Brian Shaw is an experienced engineering leader helping Uphold navigate the complex intersection of crypto and traditional finance. In this episode, he shares how his team builds resilient infrastructure to handle unpredictable market spikes, the lessons learned from major incidents, and how AI is starting to reshape reliability engineering.
1. The Unique Reliability Demands of a Crypto-Fintech Platform
“We're in an interesting place,” says Brian Shaw, reflecting on Uphold's unique position at the intersection of crypto and traditional finance. “We're subject to, to a certain extent, multiple markets,” he explains. Market fluctuations, whether from crypto or traditional finance, impact their platform significantly.
“Depending on what's happening specifically in the crypto market can affect what's happening with our user base, as well as the traditional finance world.” But it's not just passive observation. These fluctuations lead to major reliability challenges. “We can be operating pretty normal one minute… and just a certain piece of news or a certain thing that happens in the world can just trigger everything to just spike up like crazy.” In this environment, resilience isn’t optional but a core concern to Uphold’s ability to serve its customers.
2. Microservices, Kubernetes, and the Role of Cloud-Native Tools
Uphold’s ability to adapt to sudden traffic spikes depends heavily on modern, cloud-native architecture. “It kind of goes back to fundamentals,” Brian explains. “Making sure that our microservices architecture is truly a microservices architecture, that services really are decoupled.” This design allows individual components to scale or fail gracefully without taking down the entire system.
The backbone of this is Kubernetes. “We host most of our infrastructure in AWS. We do run all of our critical systems on Kubernetes.” One essential tool is Carpenter, an open-source solution from Amazon. “It helps us keep the nodes rolling, keep the nodes updating, and it really helps us scale.”
During one event, Uphold saw traffic surge from “about 200,000 requests per minute… up to about six, 700,000” within seconds. Tools like Carpenter ensure the infrastructure can grow, and shrink, dynamically to meet these extreme demands.
3. The Birth of the Platform Reliability Team
One of Uphold's biggest reliability lessons came from an unexpected market event. Brian recalls, “The SEC in the US made a certain ruling on crypto assets and the markets reacted very positively to it.” As one of the few platforms carrying that particular asset, “the entire markets came to us to start trading.” But the surge overwhelmed their systems. “Basically, we lost out on an entire day of trading that asset because our systems couldn't handle the load.”

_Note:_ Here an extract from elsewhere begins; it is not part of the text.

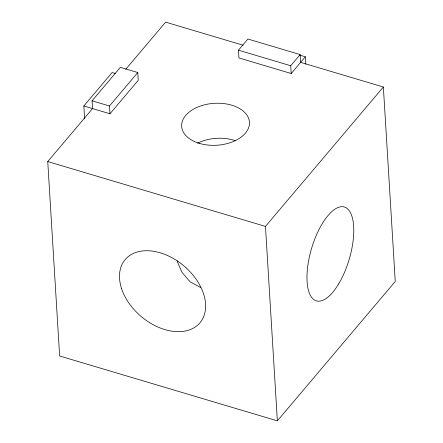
<?xml version="1.0" encoding="UTF-8"?>
<svg xmlns="http://www.w3.org/2000/svg" width="443" height="443" viewBox="0 0 443 443"><rect width="100%" height="100%" fill="white"/><g stroke="black" fill="none" stroke-linecap="round" stroke-linejoin="round"><path stroke-width="0.66" d="M84.619 118.835L83.832 105.988L112.129 72.53L115.235 73.455M300.049 55.209L305.343 56.787L291.195 73.516L238.943 57.95L238.467 50.17L247.897 39.017L300.149 54.589L300.625 62.363L383.367 87.011L395.256 281.449L277.362 420.85L59.633 355.989L47.744 161.551L92.543 108.579L92.066 100.805L120.363 67.347L137.779 72.536L138.255 80.31L109.964 113.768L83.832 105.988M125.718 69.352L165.638 22.15L243.08 45.219M109.964 113.768L109.487 105.993L137.779 72.536M291.195 73.516L290.719 65.741L300.149 54.589M277.362 420.85L265.473 226.412L383.367 87.011M238.467 50.17L290.719 65.741M92.066 100.805L109.487 105.993M47.744 161.551L265.473 226.412M200.563 287.441L190.147 281.875L181.863 272.201L177.084 260.944M305.343 56.787L305.797 64.229M197.495 143.15A33.961 21.004 -3.5 0 1 235.122 140.586M199.405 143.382A33.961 21.004 -3.5 0 0 249.464 122.429A33.961 21.004 -3.5 0 0 197.799 107.04A33.961 21.004 -3.5 0 0 199.405 143.382M338.662 283.902A48.963 19.586 -73.4 0 0 345.169 207.302A48.963 19.586 -73.4 0 0 307.265 270.584A48.963 19.586 -73.4 0 0 338.662 283.902M121.62 288.764A48.963 33.12 40.2 0 0 194.627 327.416A48.963 33.12 40.2 0 0 171.413 257.422A48.963 33.12 40.2 0 0 121.62 288.764"/></g></svg>

The aftermath wasn’t just technical: it reshaped their organizational structure. “That resulted in the creation of a formal platform reliability team within Uphold,” Brian explains. The team focused first on addressing the weaknesses that were detected from that incident. Over time, they adopted principles that align most closely with the SRE principles from the Google. But Uphold takes a pragmatic approach, focusing on “metrics that mean something to us.”
4. Security and Transparency in the Finance-Crypto Hybrid Space
Operating at the intersection of finance and crypto brings unique security challenges, and Uphold embraces transparency as a core value.
“We're fully transparent with our reserves,” Brian emphasizes. “At any given time, anybody in the world can go to our website and see exactly the value of the assets that we're holding.” This approach builds trust but also makes them an attractive target. “Obviously makes us an interesting target, right? Because we're telling you what we have to get at.”
Uphold operates as a regulated entity, subject to PCI standards for card issuance, and adheres to ISO 27001 and SOC 2. But security goes beyond frameworks. “We're always conscious of how do we make sure that things are secure from the inside as well as from the outside, making sure the right people have the right access, protecting secrets, not logging into systems.” For Uphold, security is constant vigilance.
5. The Growing Impact of AI on Operations and Reliability
AI is reshaping software development. And operations teams like Brian’s are watching closely. “One of the things that I'm finding the most interesting is probably some of the AI tools and trying to use those to our benefit,” he shares. AI helps uncover hidden issues by analyzing code and infrastructure at scale. “You can point something at your infrastructure's code repo or your application repo and just say, find me typos, find me security concerns.”
But AI's influence doesn’t stop at development. It’s increasingly being applied to operations. “Trying to take a look at that from the angle of our platform reliability, maybe analyze what's happening in our environment, taking a look at the logs, taking a look at the metrics, trying to signal us the things that we might not notice otherwise.” While it's early days, Brian is optimistic AI will “help probably reduce incidents over time.”